Second-Order Bi-Scalar-Vector-Tensor Field Equations Compatible with Conservation of Charge in a Space of Four-Dimensions

TL;DR

This paper investigates second-order bi-scalar-vector-tensor field equations in four-dimensional space, focusing on their compatibility with charge conservation and Maxwell's equations, and explores implications for early Universe physics and gauge theories.

Contribution

It introduces restrictions on such field equations derived from a variational principle, discusses limitations in constructing a comprehensive Lagrangian, and suggests applications to cosmology and gauge theories.

Findings

Identifies conditions for vector equations to be consistent with charge conservation.

Shows difficulties in formulating a universal Lagrangian for these field equations.

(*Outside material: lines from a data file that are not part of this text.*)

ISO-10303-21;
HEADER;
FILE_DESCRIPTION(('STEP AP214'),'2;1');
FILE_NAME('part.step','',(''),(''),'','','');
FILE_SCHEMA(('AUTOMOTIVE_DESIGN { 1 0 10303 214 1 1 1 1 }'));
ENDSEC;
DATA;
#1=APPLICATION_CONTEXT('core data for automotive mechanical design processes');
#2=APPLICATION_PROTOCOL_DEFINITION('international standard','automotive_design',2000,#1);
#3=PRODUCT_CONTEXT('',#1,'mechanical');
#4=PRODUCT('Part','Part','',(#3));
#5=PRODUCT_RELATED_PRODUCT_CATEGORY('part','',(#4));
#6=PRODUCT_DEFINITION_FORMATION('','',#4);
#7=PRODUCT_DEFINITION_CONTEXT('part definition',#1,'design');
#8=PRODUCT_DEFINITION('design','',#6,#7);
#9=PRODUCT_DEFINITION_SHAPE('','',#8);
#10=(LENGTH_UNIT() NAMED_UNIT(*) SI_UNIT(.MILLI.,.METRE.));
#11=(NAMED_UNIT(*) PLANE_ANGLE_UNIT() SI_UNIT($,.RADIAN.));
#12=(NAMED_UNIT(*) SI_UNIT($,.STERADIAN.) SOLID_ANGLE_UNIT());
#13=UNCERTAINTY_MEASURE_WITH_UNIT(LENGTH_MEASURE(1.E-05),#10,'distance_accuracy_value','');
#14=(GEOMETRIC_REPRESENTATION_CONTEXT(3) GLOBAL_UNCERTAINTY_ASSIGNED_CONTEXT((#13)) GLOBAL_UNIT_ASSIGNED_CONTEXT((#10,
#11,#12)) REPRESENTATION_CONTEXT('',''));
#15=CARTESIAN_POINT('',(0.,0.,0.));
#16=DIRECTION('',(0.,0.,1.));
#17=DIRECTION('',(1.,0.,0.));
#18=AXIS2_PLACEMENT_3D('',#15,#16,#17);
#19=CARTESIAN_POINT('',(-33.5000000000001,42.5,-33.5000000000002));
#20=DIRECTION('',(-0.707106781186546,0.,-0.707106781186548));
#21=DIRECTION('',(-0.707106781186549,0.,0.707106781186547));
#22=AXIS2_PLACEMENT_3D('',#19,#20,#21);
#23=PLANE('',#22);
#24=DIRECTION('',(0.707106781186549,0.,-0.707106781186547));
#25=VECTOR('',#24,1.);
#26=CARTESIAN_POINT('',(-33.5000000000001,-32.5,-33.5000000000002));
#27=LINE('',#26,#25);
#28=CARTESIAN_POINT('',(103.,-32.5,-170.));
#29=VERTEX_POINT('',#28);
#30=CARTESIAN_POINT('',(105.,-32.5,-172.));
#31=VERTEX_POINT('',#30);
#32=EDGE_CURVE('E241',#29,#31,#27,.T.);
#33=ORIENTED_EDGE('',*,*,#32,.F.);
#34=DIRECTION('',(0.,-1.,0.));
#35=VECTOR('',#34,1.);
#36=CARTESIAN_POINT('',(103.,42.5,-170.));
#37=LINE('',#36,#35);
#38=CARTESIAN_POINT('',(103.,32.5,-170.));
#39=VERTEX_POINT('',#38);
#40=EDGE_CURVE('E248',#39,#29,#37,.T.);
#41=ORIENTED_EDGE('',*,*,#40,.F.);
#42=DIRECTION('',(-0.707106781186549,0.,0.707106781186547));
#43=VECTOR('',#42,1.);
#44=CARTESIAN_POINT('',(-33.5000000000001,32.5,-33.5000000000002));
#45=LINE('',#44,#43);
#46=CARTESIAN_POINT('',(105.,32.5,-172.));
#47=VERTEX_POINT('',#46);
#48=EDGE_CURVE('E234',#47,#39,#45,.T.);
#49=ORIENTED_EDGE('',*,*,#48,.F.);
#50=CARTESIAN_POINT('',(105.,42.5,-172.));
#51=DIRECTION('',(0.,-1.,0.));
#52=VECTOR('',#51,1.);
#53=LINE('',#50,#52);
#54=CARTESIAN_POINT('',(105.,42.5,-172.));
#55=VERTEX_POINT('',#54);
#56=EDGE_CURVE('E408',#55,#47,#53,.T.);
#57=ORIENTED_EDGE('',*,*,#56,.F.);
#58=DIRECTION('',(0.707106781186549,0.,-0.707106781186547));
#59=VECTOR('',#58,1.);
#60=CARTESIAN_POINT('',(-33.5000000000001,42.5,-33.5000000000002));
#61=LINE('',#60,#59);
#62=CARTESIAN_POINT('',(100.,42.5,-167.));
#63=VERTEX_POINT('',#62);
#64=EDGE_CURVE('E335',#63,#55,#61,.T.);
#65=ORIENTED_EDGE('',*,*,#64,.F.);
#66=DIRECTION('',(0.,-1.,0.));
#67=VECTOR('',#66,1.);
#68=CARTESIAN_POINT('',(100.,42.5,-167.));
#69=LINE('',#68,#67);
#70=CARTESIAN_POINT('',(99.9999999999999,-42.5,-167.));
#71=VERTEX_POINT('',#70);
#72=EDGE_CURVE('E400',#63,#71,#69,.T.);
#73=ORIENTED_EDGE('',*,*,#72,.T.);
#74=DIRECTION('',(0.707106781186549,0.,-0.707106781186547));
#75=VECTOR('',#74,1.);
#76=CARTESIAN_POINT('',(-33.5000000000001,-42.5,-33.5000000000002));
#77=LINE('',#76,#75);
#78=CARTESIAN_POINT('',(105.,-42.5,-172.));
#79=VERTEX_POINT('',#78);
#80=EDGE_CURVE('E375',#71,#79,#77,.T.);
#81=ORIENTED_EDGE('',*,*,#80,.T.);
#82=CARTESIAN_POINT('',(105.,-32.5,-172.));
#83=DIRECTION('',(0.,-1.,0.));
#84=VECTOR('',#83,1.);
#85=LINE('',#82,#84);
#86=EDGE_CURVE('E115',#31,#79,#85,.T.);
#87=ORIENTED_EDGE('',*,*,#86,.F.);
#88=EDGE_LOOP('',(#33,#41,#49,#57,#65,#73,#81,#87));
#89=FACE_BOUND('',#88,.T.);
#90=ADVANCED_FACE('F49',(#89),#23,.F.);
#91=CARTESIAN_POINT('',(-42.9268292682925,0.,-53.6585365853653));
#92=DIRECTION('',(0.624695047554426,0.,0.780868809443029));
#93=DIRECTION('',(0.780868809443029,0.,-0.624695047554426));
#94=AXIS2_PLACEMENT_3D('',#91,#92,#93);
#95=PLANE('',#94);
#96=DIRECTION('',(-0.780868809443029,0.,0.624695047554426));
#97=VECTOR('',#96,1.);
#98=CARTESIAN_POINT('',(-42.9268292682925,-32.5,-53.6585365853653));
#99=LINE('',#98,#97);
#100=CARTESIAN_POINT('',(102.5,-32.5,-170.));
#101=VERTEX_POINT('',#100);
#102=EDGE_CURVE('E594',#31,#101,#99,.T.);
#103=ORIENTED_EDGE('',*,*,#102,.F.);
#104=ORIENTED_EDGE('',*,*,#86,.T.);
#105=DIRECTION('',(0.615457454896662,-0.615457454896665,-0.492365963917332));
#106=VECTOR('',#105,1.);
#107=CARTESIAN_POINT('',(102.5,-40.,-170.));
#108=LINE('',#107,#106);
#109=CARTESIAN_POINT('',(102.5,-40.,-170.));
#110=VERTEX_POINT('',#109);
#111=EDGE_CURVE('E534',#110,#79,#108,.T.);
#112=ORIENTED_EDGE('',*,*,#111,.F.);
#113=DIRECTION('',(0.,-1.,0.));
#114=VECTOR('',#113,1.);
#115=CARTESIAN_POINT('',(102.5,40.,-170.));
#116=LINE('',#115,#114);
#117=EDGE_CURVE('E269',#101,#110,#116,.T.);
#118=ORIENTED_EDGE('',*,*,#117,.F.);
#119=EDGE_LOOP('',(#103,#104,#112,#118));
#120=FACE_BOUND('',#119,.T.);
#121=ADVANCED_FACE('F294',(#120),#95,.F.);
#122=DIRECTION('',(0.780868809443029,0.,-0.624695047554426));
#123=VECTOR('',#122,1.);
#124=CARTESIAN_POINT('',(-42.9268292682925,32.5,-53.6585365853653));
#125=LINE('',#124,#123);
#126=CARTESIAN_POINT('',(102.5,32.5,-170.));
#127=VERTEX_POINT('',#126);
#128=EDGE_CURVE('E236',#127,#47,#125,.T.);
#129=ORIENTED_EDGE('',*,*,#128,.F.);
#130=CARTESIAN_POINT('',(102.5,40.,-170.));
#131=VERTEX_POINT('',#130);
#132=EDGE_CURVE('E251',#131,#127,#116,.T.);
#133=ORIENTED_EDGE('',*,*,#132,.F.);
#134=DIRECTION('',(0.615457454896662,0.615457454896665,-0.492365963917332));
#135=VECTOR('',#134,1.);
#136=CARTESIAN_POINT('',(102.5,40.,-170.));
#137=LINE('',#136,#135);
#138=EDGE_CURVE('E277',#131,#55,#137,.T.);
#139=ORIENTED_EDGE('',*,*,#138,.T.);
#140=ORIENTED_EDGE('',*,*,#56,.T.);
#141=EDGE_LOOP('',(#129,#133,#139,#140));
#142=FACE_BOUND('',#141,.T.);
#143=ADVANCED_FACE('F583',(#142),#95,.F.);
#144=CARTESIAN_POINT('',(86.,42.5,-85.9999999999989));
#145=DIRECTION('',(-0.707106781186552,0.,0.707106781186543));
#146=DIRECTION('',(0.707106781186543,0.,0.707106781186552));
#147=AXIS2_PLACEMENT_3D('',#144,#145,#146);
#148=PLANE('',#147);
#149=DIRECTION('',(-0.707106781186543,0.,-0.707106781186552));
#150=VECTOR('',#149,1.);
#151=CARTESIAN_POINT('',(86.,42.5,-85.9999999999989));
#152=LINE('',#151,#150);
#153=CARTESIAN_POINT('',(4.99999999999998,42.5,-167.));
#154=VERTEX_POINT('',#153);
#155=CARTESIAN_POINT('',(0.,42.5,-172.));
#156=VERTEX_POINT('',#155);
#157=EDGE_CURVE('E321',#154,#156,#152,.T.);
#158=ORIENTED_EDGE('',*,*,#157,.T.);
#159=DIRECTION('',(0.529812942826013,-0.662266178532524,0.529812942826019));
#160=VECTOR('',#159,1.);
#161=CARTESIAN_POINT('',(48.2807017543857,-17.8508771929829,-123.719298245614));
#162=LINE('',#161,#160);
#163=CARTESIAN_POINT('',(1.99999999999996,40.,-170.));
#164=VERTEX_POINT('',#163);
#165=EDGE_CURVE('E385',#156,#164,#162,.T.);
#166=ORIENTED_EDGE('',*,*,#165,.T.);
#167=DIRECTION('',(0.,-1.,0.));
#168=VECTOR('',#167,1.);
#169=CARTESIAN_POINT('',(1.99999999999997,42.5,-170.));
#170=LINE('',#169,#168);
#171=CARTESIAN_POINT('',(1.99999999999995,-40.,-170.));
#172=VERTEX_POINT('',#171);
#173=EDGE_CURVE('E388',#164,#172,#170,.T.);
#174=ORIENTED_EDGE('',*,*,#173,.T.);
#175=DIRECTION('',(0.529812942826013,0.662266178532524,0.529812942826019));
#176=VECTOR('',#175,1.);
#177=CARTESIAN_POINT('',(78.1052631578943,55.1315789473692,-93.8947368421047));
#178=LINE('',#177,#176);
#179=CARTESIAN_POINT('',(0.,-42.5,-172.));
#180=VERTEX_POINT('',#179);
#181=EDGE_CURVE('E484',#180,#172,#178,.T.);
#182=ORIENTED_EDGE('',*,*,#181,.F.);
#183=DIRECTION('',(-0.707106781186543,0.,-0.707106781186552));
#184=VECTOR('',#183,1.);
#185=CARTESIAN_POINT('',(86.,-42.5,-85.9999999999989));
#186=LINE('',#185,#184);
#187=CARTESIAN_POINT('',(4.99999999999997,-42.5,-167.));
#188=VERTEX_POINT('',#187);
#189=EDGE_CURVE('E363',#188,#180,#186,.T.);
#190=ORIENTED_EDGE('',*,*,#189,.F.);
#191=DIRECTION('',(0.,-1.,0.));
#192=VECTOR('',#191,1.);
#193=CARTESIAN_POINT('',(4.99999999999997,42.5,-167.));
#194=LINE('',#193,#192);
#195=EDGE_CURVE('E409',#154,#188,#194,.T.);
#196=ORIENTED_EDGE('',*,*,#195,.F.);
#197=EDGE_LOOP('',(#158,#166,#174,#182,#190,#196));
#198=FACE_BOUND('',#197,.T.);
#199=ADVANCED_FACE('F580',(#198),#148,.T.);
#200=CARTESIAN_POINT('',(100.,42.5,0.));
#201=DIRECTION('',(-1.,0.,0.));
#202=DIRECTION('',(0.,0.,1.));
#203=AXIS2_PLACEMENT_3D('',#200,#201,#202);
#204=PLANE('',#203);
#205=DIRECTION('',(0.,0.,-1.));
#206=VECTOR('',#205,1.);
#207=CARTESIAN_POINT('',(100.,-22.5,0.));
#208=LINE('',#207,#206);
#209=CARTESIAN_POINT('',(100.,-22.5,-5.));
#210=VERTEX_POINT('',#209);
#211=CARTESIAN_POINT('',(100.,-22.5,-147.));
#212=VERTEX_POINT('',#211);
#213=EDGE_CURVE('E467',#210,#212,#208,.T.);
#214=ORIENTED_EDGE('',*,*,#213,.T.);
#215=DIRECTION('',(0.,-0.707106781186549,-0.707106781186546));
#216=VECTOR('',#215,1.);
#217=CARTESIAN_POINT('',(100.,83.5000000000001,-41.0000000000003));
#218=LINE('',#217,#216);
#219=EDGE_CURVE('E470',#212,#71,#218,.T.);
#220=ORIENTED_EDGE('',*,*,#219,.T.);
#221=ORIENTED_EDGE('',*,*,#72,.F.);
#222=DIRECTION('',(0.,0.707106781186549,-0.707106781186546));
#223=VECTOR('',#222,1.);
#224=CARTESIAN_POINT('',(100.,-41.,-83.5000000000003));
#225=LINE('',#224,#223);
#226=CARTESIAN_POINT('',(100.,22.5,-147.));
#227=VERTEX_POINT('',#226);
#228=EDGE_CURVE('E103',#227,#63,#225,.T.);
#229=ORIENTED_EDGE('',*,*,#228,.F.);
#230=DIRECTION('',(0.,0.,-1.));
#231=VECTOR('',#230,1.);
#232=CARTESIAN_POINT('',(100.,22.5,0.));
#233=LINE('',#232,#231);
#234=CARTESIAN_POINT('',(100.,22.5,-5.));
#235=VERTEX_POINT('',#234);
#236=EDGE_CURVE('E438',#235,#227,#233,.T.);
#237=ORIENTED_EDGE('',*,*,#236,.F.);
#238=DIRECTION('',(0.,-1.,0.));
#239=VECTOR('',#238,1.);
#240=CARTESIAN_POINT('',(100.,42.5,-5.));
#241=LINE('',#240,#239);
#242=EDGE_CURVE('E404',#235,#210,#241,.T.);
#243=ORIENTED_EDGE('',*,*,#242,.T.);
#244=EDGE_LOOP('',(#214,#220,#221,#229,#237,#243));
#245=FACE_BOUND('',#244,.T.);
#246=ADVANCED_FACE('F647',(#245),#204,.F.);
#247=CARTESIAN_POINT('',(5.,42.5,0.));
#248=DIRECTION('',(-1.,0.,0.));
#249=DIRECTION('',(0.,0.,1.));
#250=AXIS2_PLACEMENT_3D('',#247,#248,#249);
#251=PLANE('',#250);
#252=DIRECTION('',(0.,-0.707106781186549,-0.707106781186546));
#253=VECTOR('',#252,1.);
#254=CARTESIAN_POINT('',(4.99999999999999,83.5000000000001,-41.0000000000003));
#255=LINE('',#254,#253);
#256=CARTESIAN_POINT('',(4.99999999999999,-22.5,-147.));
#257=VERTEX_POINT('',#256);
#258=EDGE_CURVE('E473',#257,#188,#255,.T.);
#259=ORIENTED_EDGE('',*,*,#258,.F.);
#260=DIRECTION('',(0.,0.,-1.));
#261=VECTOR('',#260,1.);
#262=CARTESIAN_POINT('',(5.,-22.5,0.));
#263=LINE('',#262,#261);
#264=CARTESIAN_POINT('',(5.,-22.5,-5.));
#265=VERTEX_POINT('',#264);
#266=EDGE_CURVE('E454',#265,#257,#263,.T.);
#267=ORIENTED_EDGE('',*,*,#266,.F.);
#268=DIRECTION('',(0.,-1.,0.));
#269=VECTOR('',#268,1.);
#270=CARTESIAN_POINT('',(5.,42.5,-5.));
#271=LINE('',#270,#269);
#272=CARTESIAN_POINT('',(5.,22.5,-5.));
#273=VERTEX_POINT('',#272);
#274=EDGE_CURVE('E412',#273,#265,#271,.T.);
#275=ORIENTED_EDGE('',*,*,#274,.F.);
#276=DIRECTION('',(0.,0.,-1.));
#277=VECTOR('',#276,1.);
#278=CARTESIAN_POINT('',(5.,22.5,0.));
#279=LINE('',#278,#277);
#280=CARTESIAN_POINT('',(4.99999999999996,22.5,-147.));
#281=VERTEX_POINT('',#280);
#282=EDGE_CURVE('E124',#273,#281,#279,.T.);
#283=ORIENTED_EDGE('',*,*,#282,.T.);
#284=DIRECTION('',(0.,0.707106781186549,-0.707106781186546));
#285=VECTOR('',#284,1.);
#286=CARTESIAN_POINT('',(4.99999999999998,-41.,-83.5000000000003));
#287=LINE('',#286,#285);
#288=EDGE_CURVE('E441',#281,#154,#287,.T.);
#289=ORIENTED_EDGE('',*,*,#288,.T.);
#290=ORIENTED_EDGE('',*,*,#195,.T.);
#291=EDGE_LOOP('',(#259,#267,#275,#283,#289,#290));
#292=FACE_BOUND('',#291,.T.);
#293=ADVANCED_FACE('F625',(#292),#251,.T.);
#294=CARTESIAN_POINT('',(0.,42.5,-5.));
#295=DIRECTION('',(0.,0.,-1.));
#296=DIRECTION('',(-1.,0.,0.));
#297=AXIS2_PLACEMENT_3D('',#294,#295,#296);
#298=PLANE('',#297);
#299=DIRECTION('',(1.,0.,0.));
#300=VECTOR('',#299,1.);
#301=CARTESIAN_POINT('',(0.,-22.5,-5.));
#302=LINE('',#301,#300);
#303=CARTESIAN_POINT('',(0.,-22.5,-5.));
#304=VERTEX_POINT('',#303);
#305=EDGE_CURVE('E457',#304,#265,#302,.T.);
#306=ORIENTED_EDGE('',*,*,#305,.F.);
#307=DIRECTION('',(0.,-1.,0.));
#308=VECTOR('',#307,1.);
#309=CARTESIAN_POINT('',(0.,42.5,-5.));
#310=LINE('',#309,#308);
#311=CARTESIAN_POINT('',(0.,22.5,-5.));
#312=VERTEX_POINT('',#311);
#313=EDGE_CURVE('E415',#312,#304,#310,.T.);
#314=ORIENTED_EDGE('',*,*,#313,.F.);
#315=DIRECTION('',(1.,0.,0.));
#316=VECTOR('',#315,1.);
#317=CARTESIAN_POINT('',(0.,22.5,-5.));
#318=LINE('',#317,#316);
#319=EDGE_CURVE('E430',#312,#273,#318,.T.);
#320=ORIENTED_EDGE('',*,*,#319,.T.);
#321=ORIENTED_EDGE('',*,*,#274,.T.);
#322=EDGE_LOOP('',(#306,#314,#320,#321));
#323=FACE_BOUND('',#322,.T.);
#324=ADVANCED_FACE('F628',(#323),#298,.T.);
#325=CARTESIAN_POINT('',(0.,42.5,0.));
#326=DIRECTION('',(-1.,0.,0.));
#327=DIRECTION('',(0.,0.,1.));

Proposes potential applications to Higgs-induced electromagnetic fields and gauge charge conservation.

Abstract

The purpose of this paper is to explore, in a space of four-dimensions, the possible forms that second-order, bi-scalar-vector-tensor field equations derivable from a variational principle can assume. In order to restrict this enormous class of field equations I shall first require that the equations governing the vector field (which will be identified with the vector potential of an electromagnetic field) be consistent with the notion of conservation of charge. Secondly I shall require that these vector equations reduce to Maxwell's equations in a flat space when the scalar fields are constant. Unfortunately even with these two powerful restrictions on the form of the field equations I have not been able to construct a Lagrangian which yields all possible field equations of this nature. This situation will lead to a discussion of other ways in which the field equations can be restricted to obtain viable bi-scalar-vector-tensor field equations. Lastly I shall make a few remarks on how the results obtained can be used to show that the Higgs field can generate electromagnetic fields in the early Universe, and how to couple bi-scalar fields to gauge-tensor fields to construct second-order, bi-scalar-Yang-Mills-tensor field theories compatible with the conservation of gauge charge.